_What you have to do_
Take the data that sits below and write it out again exactly.

Stored items from a collection
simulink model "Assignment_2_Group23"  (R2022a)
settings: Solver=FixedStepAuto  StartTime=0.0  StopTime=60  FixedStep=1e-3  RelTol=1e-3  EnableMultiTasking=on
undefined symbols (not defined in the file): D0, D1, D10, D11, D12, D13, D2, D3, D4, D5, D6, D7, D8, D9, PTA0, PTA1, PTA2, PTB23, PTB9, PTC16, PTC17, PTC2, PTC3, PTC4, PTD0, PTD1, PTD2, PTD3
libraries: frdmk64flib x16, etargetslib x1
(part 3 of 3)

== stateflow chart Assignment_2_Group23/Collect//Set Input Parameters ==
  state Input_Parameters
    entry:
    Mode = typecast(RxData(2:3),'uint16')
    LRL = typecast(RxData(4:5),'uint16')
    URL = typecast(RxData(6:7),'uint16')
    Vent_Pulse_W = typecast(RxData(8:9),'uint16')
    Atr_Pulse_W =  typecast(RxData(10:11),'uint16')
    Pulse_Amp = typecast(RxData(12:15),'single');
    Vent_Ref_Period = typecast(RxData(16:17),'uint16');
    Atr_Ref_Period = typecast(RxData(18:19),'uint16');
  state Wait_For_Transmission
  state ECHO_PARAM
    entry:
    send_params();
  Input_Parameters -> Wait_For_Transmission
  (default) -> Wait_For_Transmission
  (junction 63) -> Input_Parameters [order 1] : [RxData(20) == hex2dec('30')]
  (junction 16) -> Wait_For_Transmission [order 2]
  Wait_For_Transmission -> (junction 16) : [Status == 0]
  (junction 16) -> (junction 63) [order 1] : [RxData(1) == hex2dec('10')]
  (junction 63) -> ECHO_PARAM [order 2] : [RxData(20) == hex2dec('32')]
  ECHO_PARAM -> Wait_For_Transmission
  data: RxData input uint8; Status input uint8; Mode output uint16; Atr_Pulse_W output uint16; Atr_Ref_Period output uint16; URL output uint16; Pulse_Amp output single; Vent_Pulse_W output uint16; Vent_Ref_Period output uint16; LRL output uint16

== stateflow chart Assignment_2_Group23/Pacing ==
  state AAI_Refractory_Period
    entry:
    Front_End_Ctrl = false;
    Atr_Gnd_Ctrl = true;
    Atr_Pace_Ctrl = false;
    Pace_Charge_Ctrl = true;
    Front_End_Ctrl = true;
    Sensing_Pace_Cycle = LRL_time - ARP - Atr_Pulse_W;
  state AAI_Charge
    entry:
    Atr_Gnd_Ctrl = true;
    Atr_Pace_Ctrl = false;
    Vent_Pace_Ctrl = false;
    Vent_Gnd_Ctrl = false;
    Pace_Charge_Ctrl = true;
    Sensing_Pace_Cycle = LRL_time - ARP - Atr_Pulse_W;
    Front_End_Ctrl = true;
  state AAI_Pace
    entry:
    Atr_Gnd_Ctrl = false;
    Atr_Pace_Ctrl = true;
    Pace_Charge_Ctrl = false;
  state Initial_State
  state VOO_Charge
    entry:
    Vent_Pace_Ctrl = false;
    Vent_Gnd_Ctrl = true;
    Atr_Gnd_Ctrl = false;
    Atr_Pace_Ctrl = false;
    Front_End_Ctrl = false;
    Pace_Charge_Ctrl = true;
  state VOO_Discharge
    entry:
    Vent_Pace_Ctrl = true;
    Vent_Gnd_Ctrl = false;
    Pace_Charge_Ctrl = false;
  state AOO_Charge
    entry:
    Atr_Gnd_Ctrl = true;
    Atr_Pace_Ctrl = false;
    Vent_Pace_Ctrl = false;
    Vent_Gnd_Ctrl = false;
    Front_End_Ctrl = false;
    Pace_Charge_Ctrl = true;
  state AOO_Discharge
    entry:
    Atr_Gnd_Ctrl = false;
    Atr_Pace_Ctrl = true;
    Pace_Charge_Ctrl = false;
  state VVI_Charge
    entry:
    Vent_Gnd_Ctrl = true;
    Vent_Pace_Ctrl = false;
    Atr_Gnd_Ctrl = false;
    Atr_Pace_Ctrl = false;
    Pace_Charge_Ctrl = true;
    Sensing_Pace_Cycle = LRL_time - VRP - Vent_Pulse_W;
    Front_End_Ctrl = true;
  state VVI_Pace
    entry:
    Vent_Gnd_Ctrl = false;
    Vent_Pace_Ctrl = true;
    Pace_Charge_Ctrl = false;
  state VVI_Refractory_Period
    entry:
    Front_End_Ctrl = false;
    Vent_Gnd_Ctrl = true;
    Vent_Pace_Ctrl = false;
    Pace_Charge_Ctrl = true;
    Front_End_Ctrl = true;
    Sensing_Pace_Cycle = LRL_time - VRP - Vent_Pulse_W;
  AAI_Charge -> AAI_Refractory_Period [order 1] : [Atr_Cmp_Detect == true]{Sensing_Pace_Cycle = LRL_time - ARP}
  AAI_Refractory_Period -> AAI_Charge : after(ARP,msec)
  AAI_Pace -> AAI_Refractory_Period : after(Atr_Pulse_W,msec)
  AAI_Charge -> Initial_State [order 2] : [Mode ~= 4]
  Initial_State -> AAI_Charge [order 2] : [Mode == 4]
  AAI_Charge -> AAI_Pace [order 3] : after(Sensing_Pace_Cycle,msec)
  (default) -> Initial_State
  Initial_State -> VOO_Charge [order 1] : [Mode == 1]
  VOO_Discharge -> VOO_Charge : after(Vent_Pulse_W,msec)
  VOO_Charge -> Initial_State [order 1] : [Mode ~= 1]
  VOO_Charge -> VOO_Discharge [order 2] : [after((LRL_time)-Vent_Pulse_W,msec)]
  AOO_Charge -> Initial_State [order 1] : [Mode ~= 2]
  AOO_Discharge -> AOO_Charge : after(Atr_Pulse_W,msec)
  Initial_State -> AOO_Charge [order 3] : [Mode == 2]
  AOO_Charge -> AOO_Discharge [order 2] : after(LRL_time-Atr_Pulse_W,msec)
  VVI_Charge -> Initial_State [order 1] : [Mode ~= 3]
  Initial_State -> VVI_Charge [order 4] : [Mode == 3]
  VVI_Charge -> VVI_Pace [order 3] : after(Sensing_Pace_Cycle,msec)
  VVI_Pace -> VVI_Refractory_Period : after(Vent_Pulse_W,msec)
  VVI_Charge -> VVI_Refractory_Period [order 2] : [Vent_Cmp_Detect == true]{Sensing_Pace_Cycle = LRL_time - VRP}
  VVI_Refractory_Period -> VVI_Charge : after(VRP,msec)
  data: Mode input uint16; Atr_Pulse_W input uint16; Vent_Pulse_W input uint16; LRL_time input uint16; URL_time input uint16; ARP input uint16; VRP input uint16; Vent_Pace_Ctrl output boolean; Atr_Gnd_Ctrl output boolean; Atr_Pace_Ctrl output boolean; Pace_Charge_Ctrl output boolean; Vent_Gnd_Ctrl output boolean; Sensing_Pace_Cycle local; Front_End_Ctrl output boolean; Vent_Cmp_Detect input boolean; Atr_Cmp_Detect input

_Response to this task_
simulink model "Assignment_2_Group23"  (R2022a)
settings: Solver=FixedStepAuto  StartTime=0.0  StopTime=60  FixedStep=1e-3  RelTol=1e-3  EnableMultiTasking=on
undefined symbols (not defined in the file): D0, D1, D10, D11, D12, D13, D2, D3, D4, D5, D6, D7, D8, D9, PTA0, PTA1, PTA2, PTB23, PTB9, PTC16, PTC17, PTC2, PTC3, PTC4, PTD0, PTD1, PTD2, PTD3
libraries: frdmk64flib x16, etargetslib x1
(part 3 of 3)

== stateflow chart Assignment_2_Group23/Collect//Set Input Parameters ==
  state Input_Parameters
    entry:
    Mode = typecast(RxData(2:3),'uint16')
    LRL = typecast(RxData(4:5),'uint16')
    URL = typecast(RxData(6:7),'uint16')
    Vent_Pulse_W = typecast(RxData(8:9),'uint16')
    Atr_Pulse_W =  typecast(RxData(10:11),'uint16')
    Pulse_Amp = typecast(RxData(12:15),'single');
    Vent_Ref_Period = typecast(RxData(16:17),'uint16');
    Atr_Ref_Period = typecast(RxData(18:19),'uint16');
  state Wait_For_Transmission
  state ECHO_PARAM
    entry:
    send_params();
  Input_Parameters -> Wait_For_Transmission
  (default) -> Wait_For_Transmission
  (junction 63) -> Input_Parameters [order 1] : [RxData(20) == hex2dec('30')]
  (junction 16) -> Wait_For_Transmission [order 2]
  Wait_For_Transmission -> (junction 16) : [Status == 0]
  (junction 16) -> (junction 63) [order 1] : [RxData(1) == hex2dec('10')]
  (junction 63) -> ECHO_PARAM [order 2] : [RxData(20) == hex2dec('32')]
  ECHO_PARAM -> Wait_For_Transmission
  data: RxData input uint8; Status input uint8; Mode output uint16; Atr_Pulse_W output uint16; Atr_Ref_Period output uint16; URL output uint16; Pulse_Amp output single; Vent_Pulse_W output uint16; Vent_Ref_Period output uint16; LRL output uint16

== stateflow chart Assignment_2_Group23/Pacing ==
  state AAI_Refractory_Period
    entry:
    Front_End_Ctrl = false;
    Atr_Gnd_Ctrl = true;
    Atr_Pace_Ctrl = false;
    Pace_Charge_Ctrl = true;
    Front_End_Ctrl = true;
    Sensing_Pace_Cycle = LRL_time - ARP - Atr_Pulse_W;
  state AAI_Charge
    entry:
    Atr_Gnd_Ctrl = true;
    Atr_Pace_Ctrl = false;
    Vent_Pace_Ctrl = false;
    Vent_Gnd_Ctrl = false;
    Pace_Charge_Ctrl = true;
    Sensing_Pace_Cycle = LRL_time - ARP - Atr_Pulse_W;
    Front_End_Ctrl = true;
  state AAI_Pace
    entry:
    Atr_Gnd_Ctrl = false;
    Atr_Pace_Ctrl = true;
    Pace_Charge_Ctrl = false;
  state Initial_State
  state VOO_Charge
    entry:
    Vent_Pace_Ctrl = false;
    Vent_Gnd_Ctrl = true;
    Atr_Gnd_Ctrl = false;
    Atr_Pace_Ctrl = false;
    Front_End_Ctrl = false;
    Pace_Charge_Ctrl = true;
  state VOO_Discharge
    entry:
    Vent_Pace_Ctrl = true;
    Vent_Gnd_Ctrl = false;
    Pace_Charge_Ctrl = false;
  state AOO_Charge
    entry:
    Atr_Gnd_Ctrl = true;
    Atr_Pace_Ctrl = false;
    Vent_Pace_Ctrl = false;
    Vent_Gnd_Ctrl = false;
    Front_End_Ctrl = false;
    Pace_Charge_Ctrl = true;
  state AOO_Discharge
    entry:
    Atr_Gnd_Ctrl = false;
    Atr_Pace_Ctrl = true;
    Pace_Charge_Ctrl = false;
  state VVI_Charge
    entry:
    Vent_Gnd_Ctrl = true;
    Vent_Pace_Ctrl = false;
    Atr_Gnd_Ctrl = false;
    Atr_Pace_Ctrl = false;
    Pace_Charge_Ctrl = true;
    Sensing_Pace_Cycle = LRL_time - VRP - Vent_Pulse_W;
    Front_End_Ctrl = true;
  state VVI_Pace
    entry:
    Vent_Gnd_Ctrl = false;
    Vent_Pace_Ctrl = true;
    Pace_Charge_Ctrl = false;
  state VVI_Refractory_Period
    entry:
    Front_End_Ctrl = false;
    Vent_Gnd_Ctrl = true;
    Vent_Pace_Ctrl = false;
    Pace_Charge_Ctrl = true;
    Front_End_Ctrl = true;
    Sensing_Pace_Cycle = LRL_time - VRP - Vent_Pulse_W;
  AAI_Charge -> AAI_Refractory_Period [order 1] : [Atr_Cmp_Detect == true]{Sensing_Pace_Cycle = LRL_time - ARP}
  AAI_Refractory_Period -> AAI_Charge : after(ARP,msec)
  AAI_Pace -> AAI_Refractory_Period : after(Atr_Pulse_W,msec)
  AAI_Charge -> Initial_State [order 2] : [Mode ~= 4]
  Initial_State -> AAI_Charge [order 2] : [Mode == 4]
  AAI_Charge -> AAI_Pace [order 3] : after(Sensing_Pace_Cycle,msec)
  (default) -> Initial_State
  Initial_State -> VOO_Charge [order 1] : [Mode == 1]
  VOO_Discharge -> VOO_Charge : after(Vent_Pulse_W,msec)
  VOO_Charge -> Initial_State [order 1] : [Mode ~= 1]
  VOO_Charge -> VOO_Discharge [order 2] : [after((LRL_time)-Vent_Pulse_W,msec)]
  AOO_Charge -> Initial_State [order 1] : [Mode ~= 2]
  AOO_Discharge -> AOO_Charge : after(Atr_Pulse_W,msec)
  Initial_State -> AOO_Charge [order 3] : [Mode == 2]
  AOO_Charge -> AOO_Discharge [order 2] : after(LRL_time-Atr_Pulse_W,msec)
  VVI_Charge -> Initial_State [order 1] : [Mode ~= 3]
  Initial_State -> VVI_Charge [order 4] : [Mode == 3]
  VVI_Charge -> VVI_Pace [order 3] : after(Sensing_Pace_Cycle,msec)
  VVI_Pace -> VVI_Refractory_Period : after(Vent_Pulse_W,msec)
  VVI_Charge -> VVI_Refractory_Period [order 2] : [Vent_Cmp_Detect == true]{Sensing_Pace_Cycle = LRL_time - VRP}
  VVI_Refractory_Period -> VVI_Charge : after(VRP,msec)
  data: Mode input uint16; Atr_Pulse_W input uint16; Vent_Pulse_W input uint16; LRL_time input uint16; URL_time input uint16; ARP input uint16; VRP input uint16; Vent_Pace_Ctrl output boolean; Atr_Gnd_Ctrl output boolean; Atr_Pace_Ctrl output boolean; Pace_Charge_Ctrl output boolean; Vent_Gnd_Ctrl output boolean; Sensing_Pace_Cycle local; Front_End_Ctrl output boolean; Vent_Cmp_Detect input boolean; Atr_Cmp_Detect input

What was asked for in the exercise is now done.